On December 17th, 2014 the United States and Cuba announced the revival of diplomatic relations. As a result travel restrictions are now less severe. Certain travel restrictions still apply - most importantly travel there is only allowed for the following reasons:

  1. family visits
  2. business of the U.S. government, foreign governments, and certain intergovernmental organizations
  3. journalistic activity
  4. professional research and professional meetings
  5. educational activities
  6. religious activities
  7. public performances, clinics, workshops, athletic/other competitions, and exhibitions
  8. support of the Cuban people
  9. humanitarian projects
  10. activities of private foundations or research or educational institutes
  11. exportation, importation, or transmission or information materials
  12. certain export transactions that may be considered for authorization under existing regulations and guidelines

Arrangements can be made through any service provider complying with the U.S. Treasury's Office of Foreign Assets Control regulations regarding Cuban travel.
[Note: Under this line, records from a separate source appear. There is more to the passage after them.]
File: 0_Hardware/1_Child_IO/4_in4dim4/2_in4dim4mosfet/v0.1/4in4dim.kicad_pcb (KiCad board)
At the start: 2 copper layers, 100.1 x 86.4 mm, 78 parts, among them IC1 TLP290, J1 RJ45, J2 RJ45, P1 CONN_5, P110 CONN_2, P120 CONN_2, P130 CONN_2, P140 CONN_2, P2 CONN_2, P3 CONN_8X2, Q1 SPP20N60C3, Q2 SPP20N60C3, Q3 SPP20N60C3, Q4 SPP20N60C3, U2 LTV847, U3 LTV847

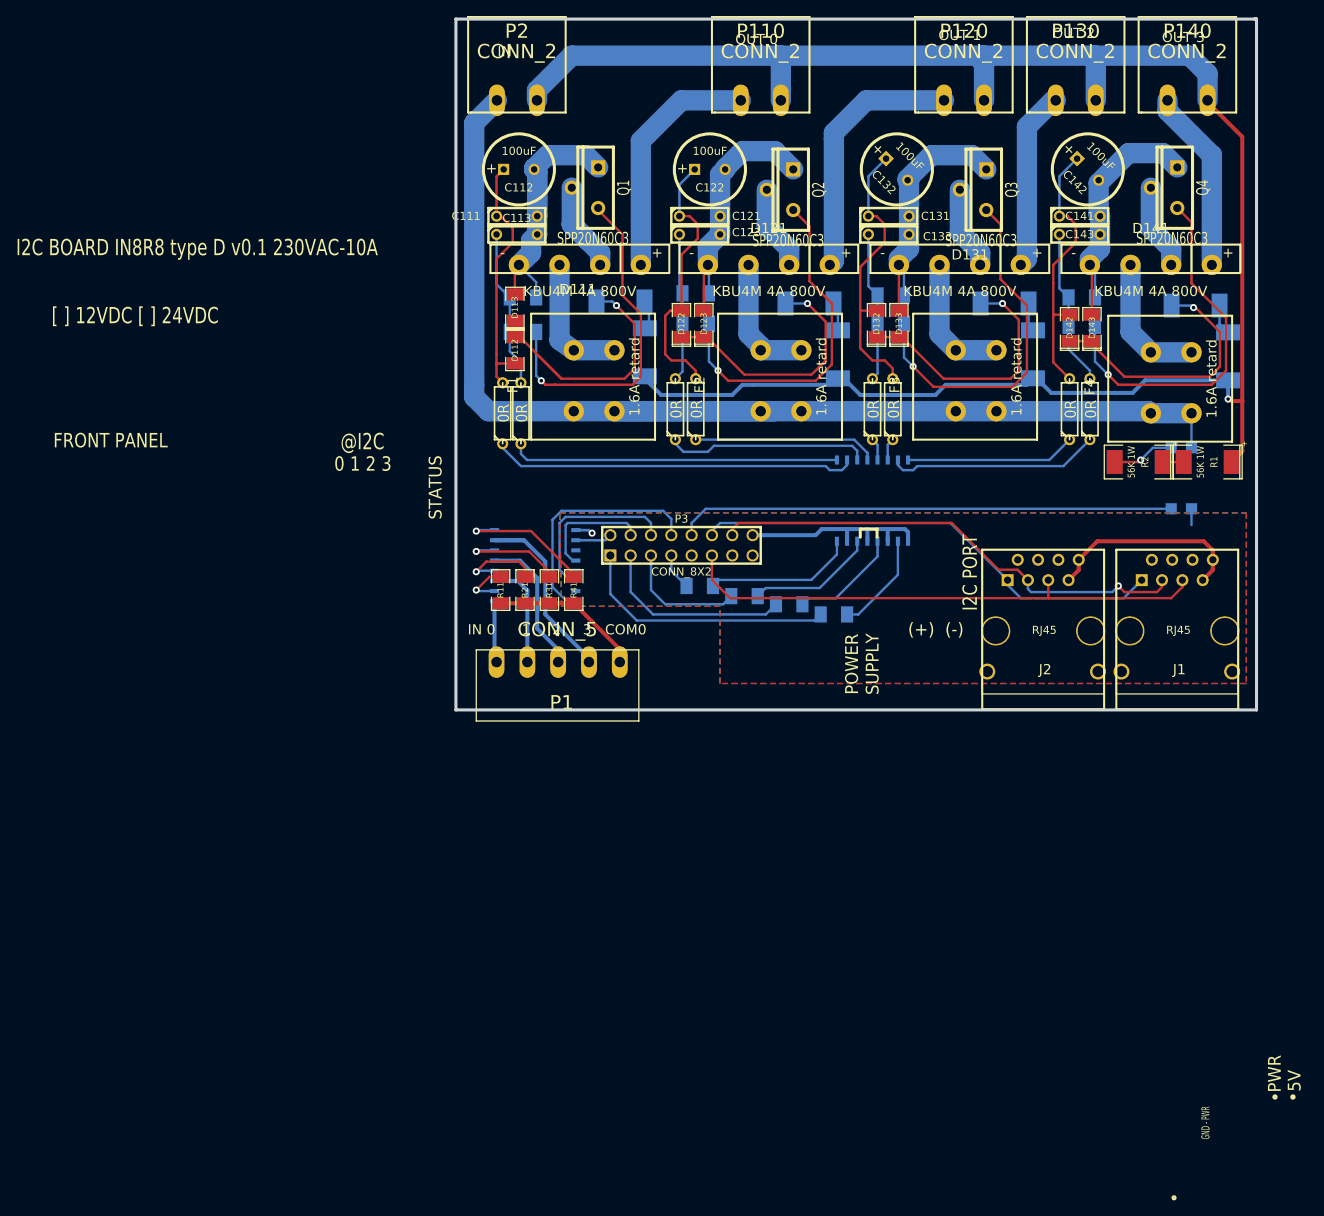
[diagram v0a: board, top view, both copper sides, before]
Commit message: mis à jour de la carte de puissance et de la front panel
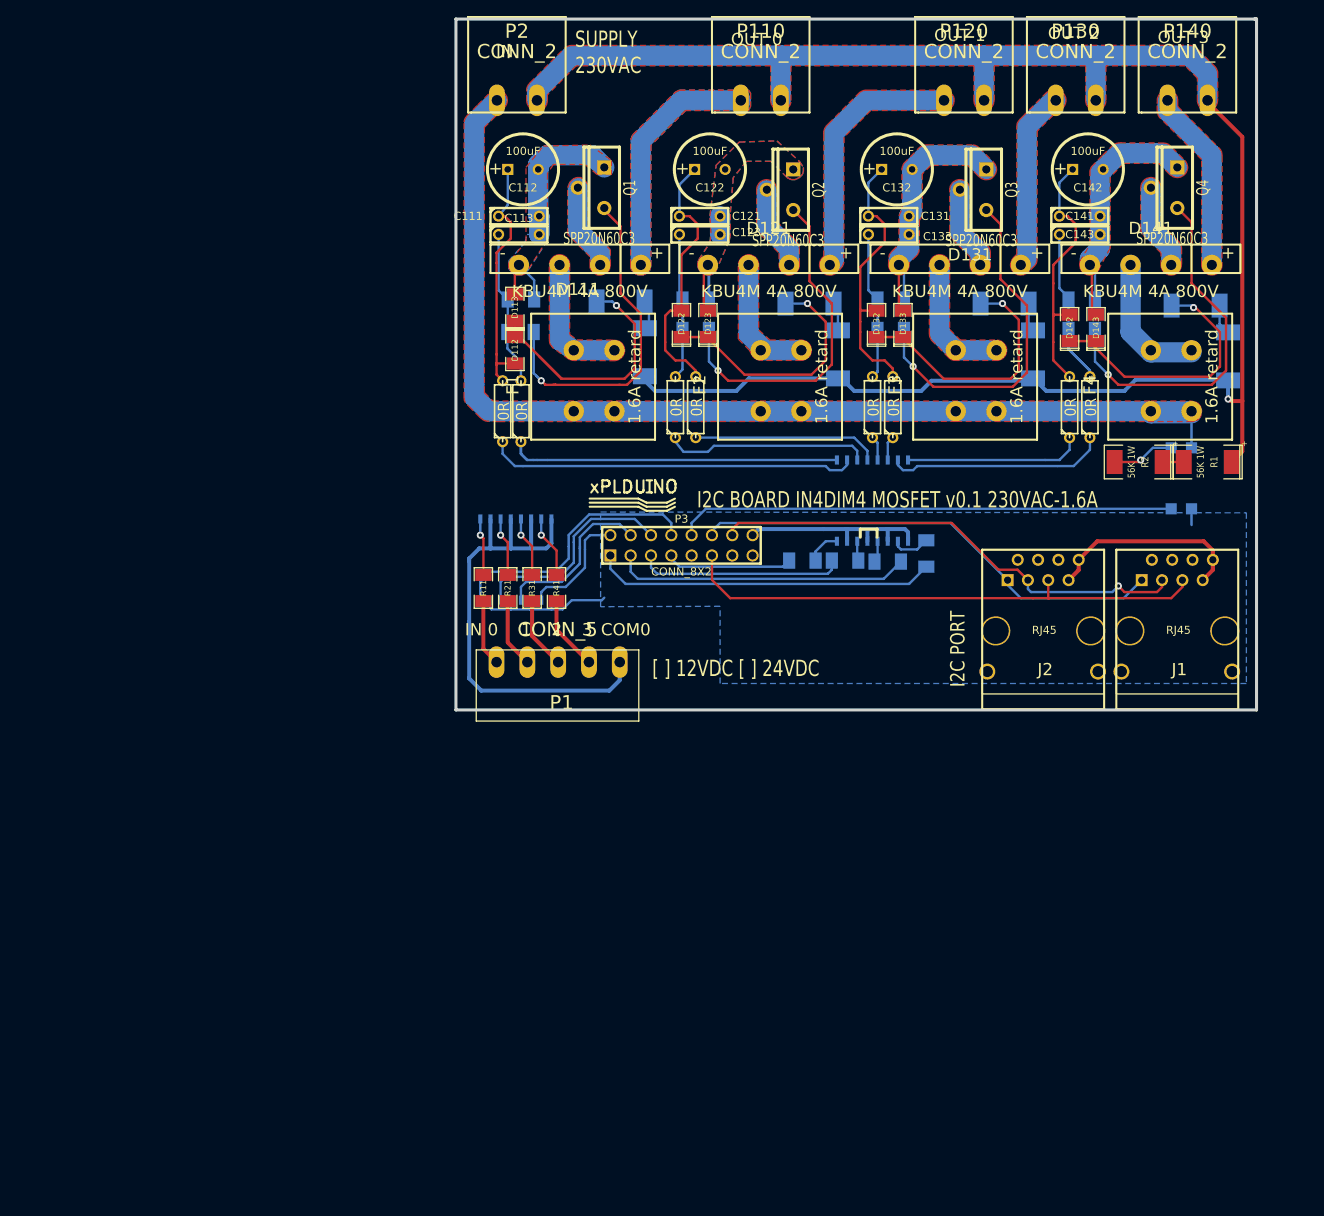
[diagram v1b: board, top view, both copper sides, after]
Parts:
- added logo_xplduino: VAL**, logo_xplduino, F.Cu at (203.7, 131.3)
- moved R16 13.8 mm to (240.4, 137.9), turned to 90 degrees
- moved R17 13.4 mm to (235.6, 138.9), turned to 180 degrees
- moved R18 13.3 mm to (230.3, 138.8)
- moved R19 13.2 mm to (224.9, 138.8)
- moved U2 2.53 mm to (189.1, 138.7), turned to 0 degrees
- moved R11 2.17 mm to (185.0, 142.2)
- moved R21 2.17 mm to (188.1, 142.2)
- moved R31 2.17 mm to (191.1, 142.2)
- moved R41 2.17 mm to (194.2, 142.2)
- moved Q1 0.76 mm to (200.2, 92.2)
- moved R123 0.76 mm to (211.6, 106.2)
- moved R124 0.76 mm to (211.6, 110.0)
- moved R134 0.76 mm to (236.0, 110.0)
- moved D133 0.51 mm to (237.5, 109.2)
- moved R133 0.51 mm to (236.0, 106.2)
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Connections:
- P3 pad 13: N-0000046 -> (no net)
- P3 pad 9: N-0000045 -> (no net)
- R11 pad 1: COM0 -> IN0
- R11 pad 2: N-0000014 -> N-0000066
- R21 pad 1: COM0 -> IN1
- R21 pad 2: N-0000023 (its old number) -> N-0000067
- R31 pad 1: COM0 -> IN2
- R31 pad 2: N-0000022 -> N-0000068
- R41 pad 1: COM0 -> IN3
- R41 pad 2: N-0000021 -> N-0000057
- U2 pad 1: IN0 -> N-0000066
- U2 pad 2: N-0000014 -> COM0
- U2 pad 3: IN1 -> N-0000067
- U2 pad 4: N-0000023 (its old number) -> COM0
- U2 pad 5: IN2 -> N-0000068
- U2 pad 6: N-0000022 -> COM0
- U2 pad 7: IN3 -> N-0000057
- U2 pad 8: N-0000021 -> COM0
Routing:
- net COM0: track 25.0 -> 62.9 mm
- net N-0000021: track 17.1 -> 0.00 mm, vias 1 -> 0
- net IN3: track 26.0 -> 9.29 mm
- net /120S: track 33.2 -> 16.5 mm
- net GND: track 6.41 -> 21.5 mm, vias 1 -> 0
- net N-0000061: track 18.8 -> 4.34 mm
- net N-0000060: track 16.0 -> 2.47 mm
- net N-0000022: track 13.2 -> 0.00 mm, vias 1 -> 0
- net OUT1: track 24.4 -> 37.1 mm
- net OUT3: track 4.60 -> 15.8 mm
- net N-0000059: track 13.8 -> 2.70 mm
- net N-0000023 (its old number): track 10.4 -> 0.00 mm, vias 1 -> 0
- net OUT2: track 15.5 -> 25.8 mm
- net OUT0: track 32.8 -> 42.8 mm
- net CMD3: track 4.58 -> 14.6 mm
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- added copper zone on F.Cu, net /110D
- added copper zone on F.Cu, net /110L
- added copper zone on B.Cu, net /110P
- added copper zone on F.Cu, net /110P
- added copper zone on B.Cu, net /110S
- added copper zone on F.Cu, net /110S
- added copper zone on F.Cu, net /120D
- added copper zone on F.Cu, net /120L
- added copper zone on F.Cu, net /120M
- added copper zone on B.Cu, net /120S
- added copper zone on F.Cu, net /120S
- added copper zone on F.Cu, net /130D
- added copper zone on F.Cu, net /130L
- added copper zone on F.Cu, net /130M
- added copper zone on F.Cu, net /130S
- added copper zone on F.Cu, net /140D
- added copper zone on F.Cu, net /140M
- added copper zone on F.Cu, net /140S
- added copper zone on F.Cu, net L
- added copper zone on F.Cu, net N
- removed copper zone on F.Cu, net GND
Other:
- net class +230V: clearance 0.508 -> 1.016
- board text added: "I2C BOARD IN4DIM4 MOSFET v0.1 230VAC-1.6A"
- board text added: "SUPPLY 230VAC"
- board text removed: "(+) (-)"
- board text removed: "0 1 2 3"
- board text removed: "3 2 1 0 ID 0 0 0 0 0 0 0 0 1 1 0 0 1 0 2 0 0 1 1 3 0 1 0 0 4 0 1 0 1 5 0 1 1 0 6 0 1 1 1 7 1 0 0 0 8 1 0 0 1 9 1 0 1 0 10 1 0 1 1 11 1 1 0 0 12 1 1 0 1 13 1 1 1 0 14 1 1 1 1 15"
- board text removed: "5V"
- board text removed: "@I2C"
- board text removed: "@I2C ID TABLE"
- board text removed: "FRONT PANEL"
- board text removed: "GND - PWR"
- board text removed: "I2C BOARD IN8R8 type D v0.1 230VAC-10A"
- board text removed: "POWER SUPPLY"
- board text removed: "PWR"
- board text removed: "STATUS"

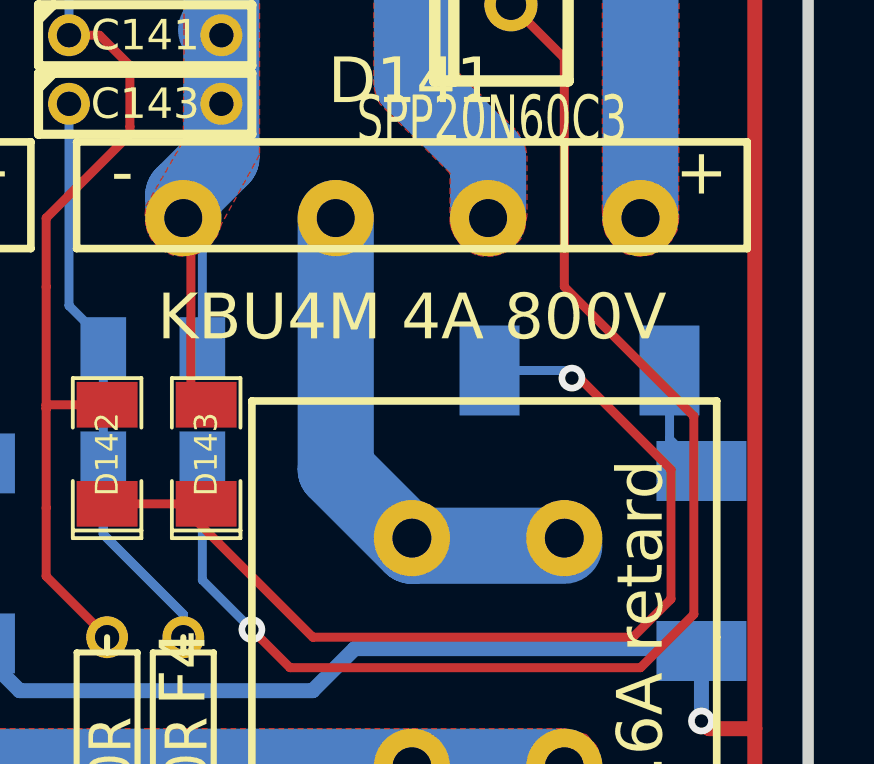
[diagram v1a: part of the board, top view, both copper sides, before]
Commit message: Ajout doublage piste 140M (oubli)
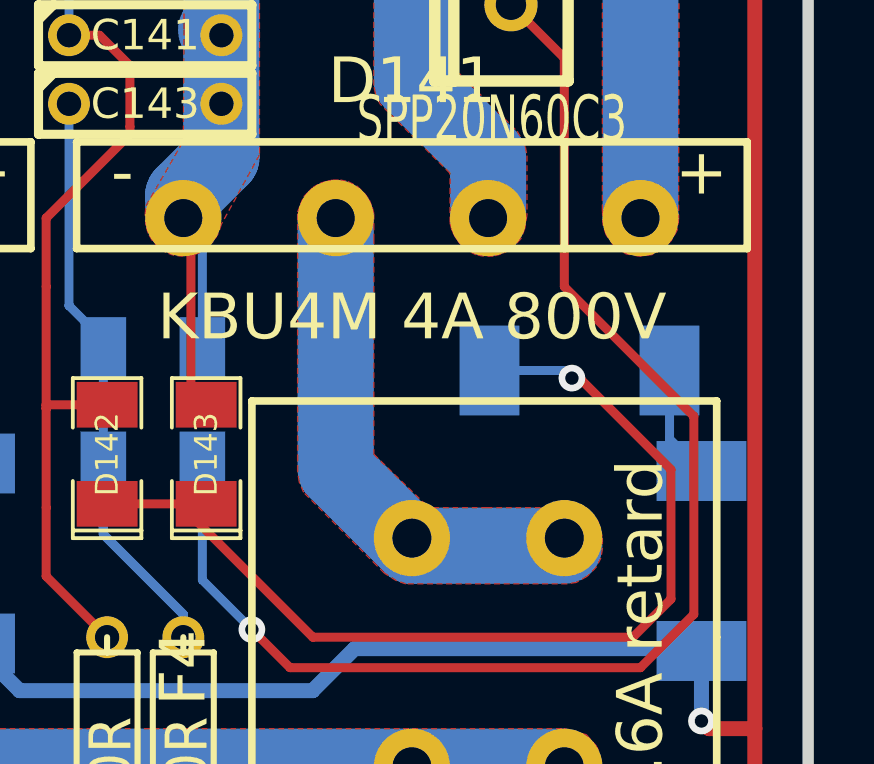
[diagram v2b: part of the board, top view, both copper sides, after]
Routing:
- added copper zone on F.Cu, net /140L
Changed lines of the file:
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@@
     (links 161)
     (no_connects 0)
-    (area 181.419499 70.929499 281.876501 157.670501)
+    (area 172.529499 62.534801 290.322002 169.3672)
     (thickness 1.6002)
     (drawings 68)
@@
       )
     )
+  )
+  (zone (net 15) (net_name /140L) (layer Dessus) (hatch edge 0.508)
+    (connect_pads (clearance 0.254))
+    (min_thickness 0.127)
+    (fill (arc_segments 16) (thermal_gap 0.127) (thermal_bridge_width 1.27))
+    (polygon
+      (pts
+        (xy 273.6596 114.046) (xy 268.2748 114.046) (xy 267.97 113.9444) (xy 267.5636 113.6904) (xy 267.3096 113.4364)
+        (xy 264.8712 110.998) (xy 264.7188 110.6424) (xy 264.668 110.2868) (xy 264.668 109.9312) (xy 264.668 101.9048)
+        (xy 264.668 101.6508) (xy 264.7696 101.3968) (xy 264.8712 101.1428) (xy 265.0236 100.9904) (xy 265.176 100.838)
+        (xy 265.43 100.6856) (xy 265.6332 100.6348) (xy 265.8364 100.584) (xy 266.0904 100.584) (xy 266.3444 100.6348)
+        (xy 266.6492 100.7872) (xy 266.9032 101.0412) (xy 267.0556 101.2444) (xy 267.1572 101.4984) (xy 267.208 101.7016)
+        (xy 267.208 102.0572) (xy 267.208 102.5144) (xy 267.208 109.728) (xy 268.986 111.4552) (xy 269.1892 111.506)
+        (xy 270.9672 111.506) (xy 272.8976 111.506) (xy 274.2184 111.6076) (xy 274.6756 111.9632) (xy 274.828 112.522)
+        (xy 274.828 112.8776) (xy 274.7772 113.1824) (xy 274.6248 113.4872) (xy 274.32 113.792) (xy 273.9644 113.9952)
+      )
+    )

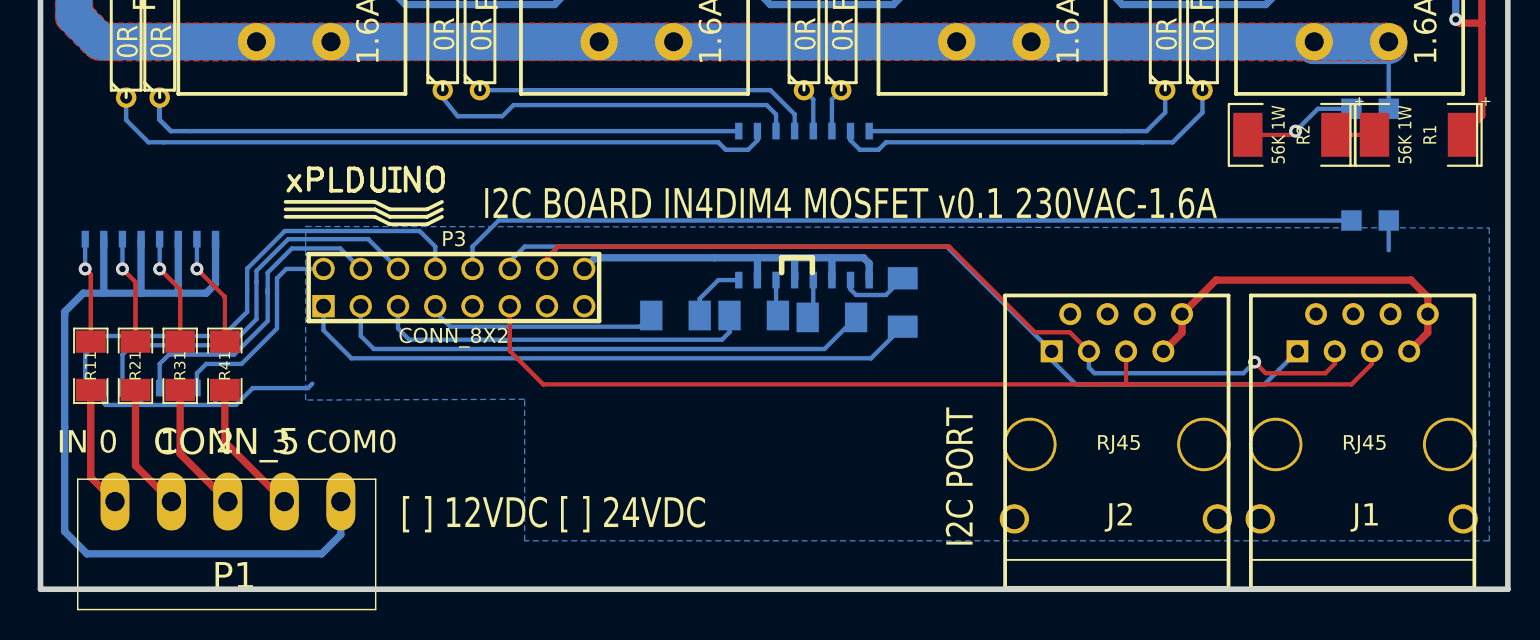
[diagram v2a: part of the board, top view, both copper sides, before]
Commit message: Carte de puissance dimmer - modification du connecteur 20 broches: doublement de 5V et GND et optimisation pinout - modification empreinte des optos 4 canaux et single (création boitier DDIP16 et DDIP4) suite controle des packages des composants - routage pour tenir compte des changements de packages
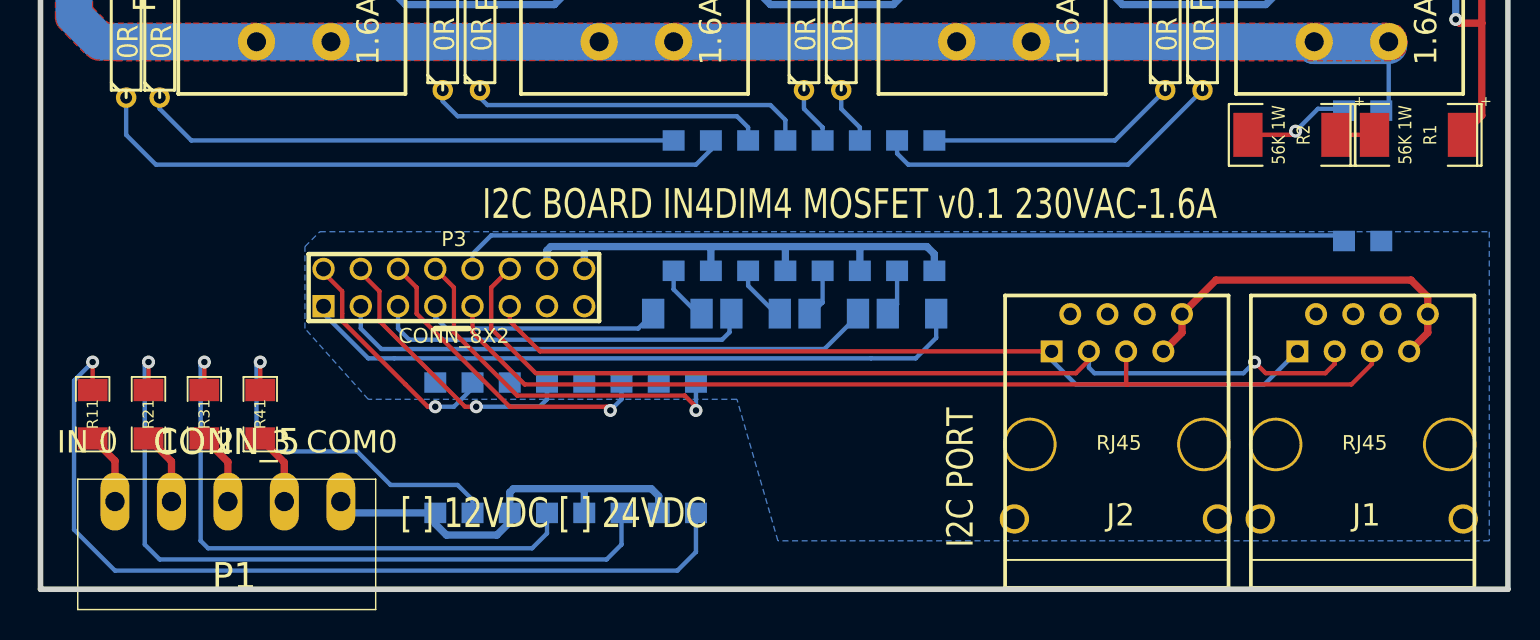
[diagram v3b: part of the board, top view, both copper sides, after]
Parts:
- removed logo_xplduino: VAL**, logo_xplduino
- IC1: footprint SMD-4 -> DDIP-4
- U2, U3: footprint SO16W -> DDIP-16
- moved U2 29.8 mm to (217.4, 147.8), turned to 180 degrees
- moved R41 4.09 mm to (196.6, 145.5)
- moved R31 3.69 mm to (192.8, 145.5)
- moved R21 3.42 mm to (189.0, 145.5)
- moved R11 3.30 mm to (185.2, 145.5)
- moved IC1 1.93 mm to (271.8, 129.3)
- moved R16 0.99 mm to (241.0, 138.7), turned to 180 degrees
- moved R17 0.28 mm to (235.7, 138.7)
- moved R19 0.18 mm to (225.0, 138.7)
- moved R18 0.18 mm to (230.4, 138.7)
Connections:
- P3 pad 11: /INT -> SDA
- P3 pad 12: SDA -> SCL
- P3 pad 13: (no net) -> GND
- P3 pad 14: SCL -> +5V
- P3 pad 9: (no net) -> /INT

Try calling Cuba Travel Services, with offices in Miami. Los Angeles and Puerto Rico. for additional information. They operate direct flights between the United States and Cuba and can assist licensed travellers with all their travel accommodations. +1 800 963 2822. Insight Cuba is another leading provider of authorized Cuba travel for Americans. They can be reached at + 1 800 450 2822. Another one is Island Travel and Tours, they can be reached at + 1 786 953 5906. The most popular and affordable people to people tours are provided by In Touch With Cuba. They can be reached at +1 855 546 2822.

Licenses allowing persons from the US to spend money in Cuba are granted to certain classes of people for particular purposes.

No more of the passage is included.